New or Used, Buying a Car Gets More Expensive
The reason is supply, supply, supply.
By Brendan Moore
If you’ve been shopping for a car lately, you may have noticed that deals and discounts are almost nowhere to be found.
The reason on the new-car side of the equation is that the manufacturers, particularly the domestic manufacturers, have finally been able to more or less match production to market demand.
What this means to the public from a practical perspective is that there are less cars on the blacktop from consumers to pick from, and far less incentives being offered on the cars available.

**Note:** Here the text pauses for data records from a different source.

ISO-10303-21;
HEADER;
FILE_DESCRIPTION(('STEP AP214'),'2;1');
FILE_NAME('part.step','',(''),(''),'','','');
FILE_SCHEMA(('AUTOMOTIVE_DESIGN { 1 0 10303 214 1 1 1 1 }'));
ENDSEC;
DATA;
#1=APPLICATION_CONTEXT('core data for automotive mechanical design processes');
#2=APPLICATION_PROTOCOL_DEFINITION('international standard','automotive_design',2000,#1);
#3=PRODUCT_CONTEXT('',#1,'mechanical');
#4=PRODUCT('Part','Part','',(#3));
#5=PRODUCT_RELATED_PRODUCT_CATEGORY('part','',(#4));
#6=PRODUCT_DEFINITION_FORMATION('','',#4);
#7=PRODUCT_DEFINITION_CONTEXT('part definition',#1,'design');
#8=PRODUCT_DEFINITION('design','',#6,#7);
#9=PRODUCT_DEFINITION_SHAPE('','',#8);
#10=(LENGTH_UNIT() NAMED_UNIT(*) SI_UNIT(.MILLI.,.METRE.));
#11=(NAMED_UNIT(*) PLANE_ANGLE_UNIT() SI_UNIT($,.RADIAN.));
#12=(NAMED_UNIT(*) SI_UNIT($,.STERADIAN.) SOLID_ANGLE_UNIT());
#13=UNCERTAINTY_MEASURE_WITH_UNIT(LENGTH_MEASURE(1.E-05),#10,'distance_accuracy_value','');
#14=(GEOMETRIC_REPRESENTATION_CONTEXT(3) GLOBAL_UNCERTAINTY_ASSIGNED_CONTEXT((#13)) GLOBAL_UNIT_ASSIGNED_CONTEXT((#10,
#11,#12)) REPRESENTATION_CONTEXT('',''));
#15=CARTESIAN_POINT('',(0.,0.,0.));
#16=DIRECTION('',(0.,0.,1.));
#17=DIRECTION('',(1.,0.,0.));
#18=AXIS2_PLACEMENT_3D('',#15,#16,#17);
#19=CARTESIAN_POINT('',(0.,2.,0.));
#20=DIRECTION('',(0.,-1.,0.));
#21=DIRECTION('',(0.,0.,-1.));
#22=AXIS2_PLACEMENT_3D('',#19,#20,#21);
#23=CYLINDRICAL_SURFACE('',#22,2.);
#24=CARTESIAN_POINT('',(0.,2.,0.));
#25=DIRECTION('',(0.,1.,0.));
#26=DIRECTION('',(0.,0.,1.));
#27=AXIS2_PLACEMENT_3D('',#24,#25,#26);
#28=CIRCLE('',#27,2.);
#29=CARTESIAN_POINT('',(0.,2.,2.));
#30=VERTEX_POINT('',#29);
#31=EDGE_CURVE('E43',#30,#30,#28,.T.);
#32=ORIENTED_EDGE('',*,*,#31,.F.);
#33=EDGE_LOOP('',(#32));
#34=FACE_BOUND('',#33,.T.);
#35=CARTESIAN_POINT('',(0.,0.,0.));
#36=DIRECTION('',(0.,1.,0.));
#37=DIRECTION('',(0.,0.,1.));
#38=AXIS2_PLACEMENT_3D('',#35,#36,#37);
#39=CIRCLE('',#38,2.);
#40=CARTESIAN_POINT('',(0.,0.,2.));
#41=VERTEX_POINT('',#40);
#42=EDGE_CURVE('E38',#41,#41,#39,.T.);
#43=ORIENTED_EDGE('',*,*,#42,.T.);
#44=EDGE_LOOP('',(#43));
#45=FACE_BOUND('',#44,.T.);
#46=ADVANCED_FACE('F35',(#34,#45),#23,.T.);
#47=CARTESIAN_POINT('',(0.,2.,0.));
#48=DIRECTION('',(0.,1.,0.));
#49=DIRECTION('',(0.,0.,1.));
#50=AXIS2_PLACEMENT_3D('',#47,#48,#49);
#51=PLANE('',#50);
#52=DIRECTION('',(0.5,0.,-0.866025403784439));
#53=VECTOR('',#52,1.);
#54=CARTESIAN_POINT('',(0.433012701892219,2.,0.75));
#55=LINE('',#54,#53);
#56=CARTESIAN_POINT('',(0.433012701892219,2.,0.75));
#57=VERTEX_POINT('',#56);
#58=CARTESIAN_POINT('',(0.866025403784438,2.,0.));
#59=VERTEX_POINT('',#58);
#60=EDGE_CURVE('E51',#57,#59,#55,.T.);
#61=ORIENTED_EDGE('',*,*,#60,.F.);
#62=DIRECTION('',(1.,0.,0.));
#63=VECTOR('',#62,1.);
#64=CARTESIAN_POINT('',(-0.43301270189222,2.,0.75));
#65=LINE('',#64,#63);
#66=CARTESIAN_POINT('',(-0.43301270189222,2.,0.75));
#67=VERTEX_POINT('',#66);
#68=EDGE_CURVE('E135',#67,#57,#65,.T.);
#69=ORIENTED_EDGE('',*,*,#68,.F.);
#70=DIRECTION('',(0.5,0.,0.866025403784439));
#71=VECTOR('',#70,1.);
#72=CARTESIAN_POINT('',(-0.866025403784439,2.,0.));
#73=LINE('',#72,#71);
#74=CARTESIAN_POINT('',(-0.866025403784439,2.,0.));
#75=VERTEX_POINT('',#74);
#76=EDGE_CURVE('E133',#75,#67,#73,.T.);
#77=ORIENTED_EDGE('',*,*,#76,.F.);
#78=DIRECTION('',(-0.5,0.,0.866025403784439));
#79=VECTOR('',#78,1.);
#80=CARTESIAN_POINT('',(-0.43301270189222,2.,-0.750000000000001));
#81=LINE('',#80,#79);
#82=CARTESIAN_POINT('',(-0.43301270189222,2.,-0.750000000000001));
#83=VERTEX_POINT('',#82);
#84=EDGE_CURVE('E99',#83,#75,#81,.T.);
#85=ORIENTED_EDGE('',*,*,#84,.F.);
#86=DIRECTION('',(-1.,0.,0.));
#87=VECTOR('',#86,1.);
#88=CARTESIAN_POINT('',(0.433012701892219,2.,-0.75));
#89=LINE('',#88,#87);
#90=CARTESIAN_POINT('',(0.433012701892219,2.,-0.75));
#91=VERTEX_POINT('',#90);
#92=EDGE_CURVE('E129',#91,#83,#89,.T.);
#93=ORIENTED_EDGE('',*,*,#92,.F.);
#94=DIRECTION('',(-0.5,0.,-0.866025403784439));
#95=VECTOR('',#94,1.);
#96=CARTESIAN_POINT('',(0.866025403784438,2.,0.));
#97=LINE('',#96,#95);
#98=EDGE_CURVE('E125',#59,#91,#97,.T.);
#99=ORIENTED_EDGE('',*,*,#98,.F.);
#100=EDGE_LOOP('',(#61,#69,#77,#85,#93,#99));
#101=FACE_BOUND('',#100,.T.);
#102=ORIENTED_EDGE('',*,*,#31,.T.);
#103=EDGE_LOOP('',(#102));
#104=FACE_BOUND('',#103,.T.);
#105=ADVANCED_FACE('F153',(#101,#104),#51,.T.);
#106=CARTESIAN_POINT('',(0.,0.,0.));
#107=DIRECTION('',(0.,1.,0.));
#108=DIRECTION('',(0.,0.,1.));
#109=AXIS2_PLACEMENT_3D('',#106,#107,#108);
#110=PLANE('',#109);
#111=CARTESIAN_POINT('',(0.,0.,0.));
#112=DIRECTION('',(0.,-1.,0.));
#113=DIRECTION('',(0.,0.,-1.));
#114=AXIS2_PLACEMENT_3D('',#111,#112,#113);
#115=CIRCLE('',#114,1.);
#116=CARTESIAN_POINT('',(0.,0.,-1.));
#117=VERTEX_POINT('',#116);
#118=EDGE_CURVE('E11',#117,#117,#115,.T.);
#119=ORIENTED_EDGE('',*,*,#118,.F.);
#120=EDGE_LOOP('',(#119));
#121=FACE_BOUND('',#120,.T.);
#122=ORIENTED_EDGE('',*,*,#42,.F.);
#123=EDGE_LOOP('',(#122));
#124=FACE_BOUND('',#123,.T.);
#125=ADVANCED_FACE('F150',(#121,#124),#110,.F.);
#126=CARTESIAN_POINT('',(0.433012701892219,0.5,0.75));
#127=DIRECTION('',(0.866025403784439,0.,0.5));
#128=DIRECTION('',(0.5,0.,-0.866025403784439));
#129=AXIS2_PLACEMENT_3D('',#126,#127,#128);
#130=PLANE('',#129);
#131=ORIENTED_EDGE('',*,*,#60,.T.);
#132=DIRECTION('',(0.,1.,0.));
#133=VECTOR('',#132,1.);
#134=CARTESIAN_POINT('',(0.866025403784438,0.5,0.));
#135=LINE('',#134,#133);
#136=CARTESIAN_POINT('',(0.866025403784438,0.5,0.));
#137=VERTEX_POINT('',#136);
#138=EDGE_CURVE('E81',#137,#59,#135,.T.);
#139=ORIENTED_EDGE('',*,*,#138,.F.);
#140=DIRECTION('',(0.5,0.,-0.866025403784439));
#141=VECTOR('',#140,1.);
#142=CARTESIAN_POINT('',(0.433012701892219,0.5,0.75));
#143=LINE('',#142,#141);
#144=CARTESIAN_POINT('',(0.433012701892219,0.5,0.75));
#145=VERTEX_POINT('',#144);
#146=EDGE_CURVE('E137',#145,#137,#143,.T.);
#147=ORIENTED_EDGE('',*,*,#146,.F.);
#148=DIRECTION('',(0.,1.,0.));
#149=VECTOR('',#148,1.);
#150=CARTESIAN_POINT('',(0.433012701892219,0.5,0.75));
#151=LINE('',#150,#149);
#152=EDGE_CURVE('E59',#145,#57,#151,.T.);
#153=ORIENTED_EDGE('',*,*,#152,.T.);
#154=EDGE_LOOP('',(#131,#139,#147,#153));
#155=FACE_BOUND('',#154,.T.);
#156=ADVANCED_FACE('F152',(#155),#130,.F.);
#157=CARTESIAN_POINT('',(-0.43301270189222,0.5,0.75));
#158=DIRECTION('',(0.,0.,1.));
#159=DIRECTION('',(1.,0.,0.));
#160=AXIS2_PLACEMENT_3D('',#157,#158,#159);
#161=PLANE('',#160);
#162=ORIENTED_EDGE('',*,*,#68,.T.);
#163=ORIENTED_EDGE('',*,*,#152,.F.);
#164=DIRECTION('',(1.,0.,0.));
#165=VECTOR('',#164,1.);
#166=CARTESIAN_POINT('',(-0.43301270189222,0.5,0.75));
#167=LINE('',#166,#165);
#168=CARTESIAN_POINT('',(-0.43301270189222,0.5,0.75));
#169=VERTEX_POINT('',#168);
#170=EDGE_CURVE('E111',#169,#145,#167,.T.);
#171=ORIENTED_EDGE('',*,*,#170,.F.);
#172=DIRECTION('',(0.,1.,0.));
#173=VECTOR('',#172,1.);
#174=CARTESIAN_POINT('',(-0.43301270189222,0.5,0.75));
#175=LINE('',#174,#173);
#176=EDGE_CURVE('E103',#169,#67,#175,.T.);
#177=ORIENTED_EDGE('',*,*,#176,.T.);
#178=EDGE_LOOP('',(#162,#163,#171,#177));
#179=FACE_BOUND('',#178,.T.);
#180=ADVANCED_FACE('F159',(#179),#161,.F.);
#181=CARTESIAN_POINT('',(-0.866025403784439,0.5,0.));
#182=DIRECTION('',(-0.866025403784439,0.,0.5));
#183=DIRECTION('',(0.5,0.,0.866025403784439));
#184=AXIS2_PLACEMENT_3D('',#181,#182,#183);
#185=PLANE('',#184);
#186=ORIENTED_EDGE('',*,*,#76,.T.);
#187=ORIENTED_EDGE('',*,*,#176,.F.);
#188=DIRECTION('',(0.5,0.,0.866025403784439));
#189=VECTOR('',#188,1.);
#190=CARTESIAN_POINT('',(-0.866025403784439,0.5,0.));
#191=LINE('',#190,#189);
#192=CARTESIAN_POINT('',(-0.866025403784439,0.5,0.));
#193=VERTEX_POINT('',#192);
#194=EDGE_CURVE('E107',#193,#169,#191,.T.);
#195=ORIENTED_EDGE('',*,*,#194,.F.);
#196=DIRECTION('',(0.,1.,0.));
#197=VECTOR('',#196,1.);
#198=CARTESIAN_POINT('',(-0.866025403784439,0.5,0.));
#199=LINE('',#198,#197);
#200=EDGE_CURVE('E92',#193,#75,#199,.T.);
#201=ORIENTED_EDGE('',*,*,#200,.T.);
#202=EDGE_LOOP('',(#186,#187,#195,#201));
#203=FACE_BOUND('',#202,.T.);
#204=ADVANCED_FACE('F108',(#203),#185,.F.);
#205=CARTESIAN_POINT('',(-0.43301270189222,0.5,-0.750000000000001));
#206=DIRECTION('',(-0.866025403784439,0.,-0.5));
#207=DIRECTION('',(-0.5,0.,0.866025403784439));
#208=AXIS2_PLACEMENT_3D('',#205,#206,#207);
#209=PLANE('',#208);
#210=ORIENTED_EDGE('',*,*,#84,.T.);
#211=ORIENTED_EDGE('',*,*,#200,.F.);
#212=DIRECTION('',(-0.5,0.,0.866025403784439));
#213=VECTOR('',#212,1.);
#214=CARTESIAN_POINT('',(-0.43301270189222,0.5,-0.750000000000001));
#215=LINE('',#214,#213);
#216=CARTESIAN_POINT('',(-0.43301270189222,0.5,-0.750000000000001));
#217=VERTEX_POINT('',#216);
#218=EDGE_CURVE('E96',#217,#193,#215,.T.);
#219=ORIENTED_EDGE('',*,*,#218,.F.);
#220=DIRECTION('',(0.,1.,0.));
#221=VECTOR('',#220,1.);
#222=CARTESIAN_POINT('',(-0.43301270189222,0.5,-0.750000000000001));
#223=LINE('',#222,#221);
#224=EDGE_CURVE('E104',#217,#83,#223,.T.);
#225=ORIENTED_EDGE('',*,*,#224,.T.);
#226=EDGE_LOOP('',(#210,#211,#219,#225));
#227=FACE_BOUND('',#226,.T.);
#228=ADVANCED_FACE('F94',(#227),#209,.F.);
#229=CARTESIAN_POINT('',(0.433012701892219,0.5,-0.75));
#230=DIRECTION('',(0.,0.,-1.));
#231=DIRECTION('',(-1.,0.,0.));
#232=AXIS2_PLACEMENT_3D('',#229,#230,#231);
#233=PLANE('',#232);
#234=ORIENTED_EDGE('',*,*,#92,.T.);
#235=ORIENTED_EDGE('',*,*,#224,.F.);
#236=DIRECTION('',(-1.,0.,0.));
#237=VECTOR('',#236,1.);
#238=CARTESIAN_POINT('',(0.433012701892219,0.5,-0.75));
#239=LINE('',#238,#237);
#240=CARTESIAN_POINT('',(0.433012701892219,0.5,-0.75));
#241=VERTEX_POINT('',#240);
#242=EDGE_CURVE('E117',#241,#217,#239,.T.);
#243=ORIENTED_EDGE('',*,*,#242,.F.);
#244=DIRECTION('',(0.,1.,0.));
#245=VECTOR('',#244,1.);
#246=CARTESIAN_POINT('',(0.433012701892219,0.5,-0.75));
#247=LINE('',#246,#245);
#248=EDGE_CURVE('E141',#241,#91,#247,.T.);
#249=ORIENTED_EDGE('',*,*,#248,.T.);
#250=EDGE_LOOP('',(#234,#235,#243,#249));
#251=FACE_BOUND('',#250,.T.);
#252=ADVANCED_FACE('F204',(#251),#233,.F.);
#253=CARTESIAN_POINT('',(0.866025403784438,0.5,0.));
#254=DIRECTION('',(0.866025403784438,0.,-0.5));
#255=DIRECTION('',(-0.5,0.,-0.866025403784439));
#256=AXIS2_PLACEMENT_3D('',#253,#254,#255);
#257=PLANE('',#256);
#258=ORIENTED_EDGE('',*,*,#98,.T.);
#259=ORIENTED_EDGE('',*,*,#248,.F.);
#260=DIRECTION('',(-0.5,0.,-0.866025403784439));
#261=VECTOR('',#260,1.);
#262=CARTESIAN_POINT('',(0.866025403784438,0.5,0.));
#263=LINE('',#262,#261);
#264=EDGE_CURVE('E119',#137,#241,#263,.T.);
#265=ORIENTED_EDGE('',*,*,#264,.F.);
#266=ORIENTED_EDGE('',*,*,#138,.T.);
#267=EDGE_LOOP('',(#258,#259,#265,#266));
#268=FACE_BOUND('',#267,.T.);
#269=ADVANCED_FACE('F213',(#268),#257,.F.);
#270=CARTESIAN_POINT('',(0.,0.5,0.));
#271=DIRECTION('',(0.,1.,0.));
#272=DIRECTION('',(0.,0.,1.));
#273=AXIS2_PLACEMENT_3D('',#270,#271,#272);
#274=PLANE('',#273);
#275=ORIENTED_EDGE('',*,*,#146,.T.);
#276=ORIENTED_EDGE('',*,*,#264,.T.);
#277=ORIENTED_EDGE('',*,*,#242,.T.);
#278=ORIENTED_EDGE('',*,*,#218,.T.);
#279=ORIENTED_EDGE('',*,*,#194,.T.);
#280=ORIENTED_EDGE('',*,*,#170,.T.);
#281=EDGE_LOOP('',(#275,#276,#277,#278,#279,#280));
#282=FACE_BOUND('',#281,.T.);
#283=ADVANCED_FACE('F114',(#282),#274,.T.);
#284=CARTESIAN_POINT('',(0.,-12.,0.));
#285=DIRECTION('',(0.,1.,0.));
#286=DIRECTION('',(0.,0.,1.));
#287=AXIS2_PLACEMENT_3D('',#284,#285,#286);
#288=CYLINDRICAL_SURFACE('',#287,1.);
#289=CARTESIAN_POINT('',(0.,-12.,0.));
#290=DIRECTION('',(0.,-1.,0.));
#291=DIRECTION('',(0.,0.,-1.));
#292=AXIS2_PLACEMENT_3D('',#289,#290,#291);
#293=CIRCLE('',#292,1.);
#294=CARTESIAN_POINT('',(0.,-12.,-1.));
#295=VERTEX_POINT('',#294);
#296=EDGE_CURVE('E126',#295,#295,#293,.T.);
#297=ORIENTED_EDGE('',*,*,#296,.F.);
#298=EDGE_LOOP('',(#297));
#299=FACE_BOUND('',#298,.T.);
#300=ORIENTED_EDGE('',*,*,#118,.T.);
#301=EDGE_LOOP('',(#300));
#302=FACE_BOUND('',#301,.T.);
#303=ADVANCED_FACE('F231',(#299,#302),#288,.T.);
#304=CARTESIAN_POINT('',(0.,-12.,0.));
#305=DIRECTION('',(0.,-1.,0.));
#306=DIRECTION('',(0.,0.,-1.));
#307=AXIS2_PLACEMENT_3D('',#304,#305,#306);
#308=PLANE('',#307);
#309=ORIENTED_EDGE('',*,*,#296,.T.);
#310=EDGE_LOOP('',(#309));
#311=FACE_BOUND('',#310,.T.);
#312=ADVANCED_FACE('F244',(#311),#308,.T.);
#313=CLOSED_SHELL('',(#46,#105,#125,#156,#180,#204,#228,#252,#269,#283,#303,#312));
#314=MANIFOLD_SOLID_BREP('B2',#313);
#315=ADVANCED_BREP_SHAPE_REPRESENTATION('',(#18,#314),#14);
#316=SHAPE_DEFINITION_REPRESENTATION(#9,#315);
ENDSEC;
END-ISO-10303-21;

What this means to the auto manufacturers is that their profit on a per-unit basis is up, way up from previous levels. In the past, the constant state of manufacturing over-capacity meant that the manufacturers were always running some sort of fire sale to shed themselves of excess vehicles, and that meant a lot of incentives doled out to consumers.
According to J.D. Power and Associates, the average retail price of a new domestic vehicle has risen approximately $2000 USD since the same time last year.
Yes, it used to be all about market share for the Detroit Three, but no longer. It is finally about a profitable existence, no matter how the volume shakes out. This new discipline should manifest itself in their marketing programs as well, since the companies can no longer trumpet “the deal”, and will instead have to pitch the car itself.
Good news for the advertising agencies as some of the money previously allocated to rebates and incentives will now go towards marketing the vehicles and the manufacturers thereof.
On the used-car side, the dynamic is more straightforward; there simply are not enough used vehicles to go around. Even the recent surge in new-car sales didn’t replenish the inventory of used cars as it usually does, since a high percentage of the trade-ins were crushed under the Cash For Clunkers program.
Prices are up at every large wholesale used car auction company that the dealers use, and still climbing. The practical effect of this diminished supply of used vehicles is that there are fewer cars to pick from on used-car lots across the U.S., and, that the retail prices of those used vehicles are less flexible than in the past.
Consumers have certainly taken notice.
Usually, just some waiting on their part will see the buying public through these moments of market restraint.
Unlike previous periods of inventory drought, however, this one may have real legs, and show some staying power. This could conceivably be the “new normal” at least until the end of 2010, given the economic indicators now in play.
There is the chance that one or more of the manufacturers will mistakenly over-produce between now and then, starting the vicious cycle of sales incentives again, but it seems unlikely in this overly-cautious environment. Good for them, but not so good for consumers that are looking for deals.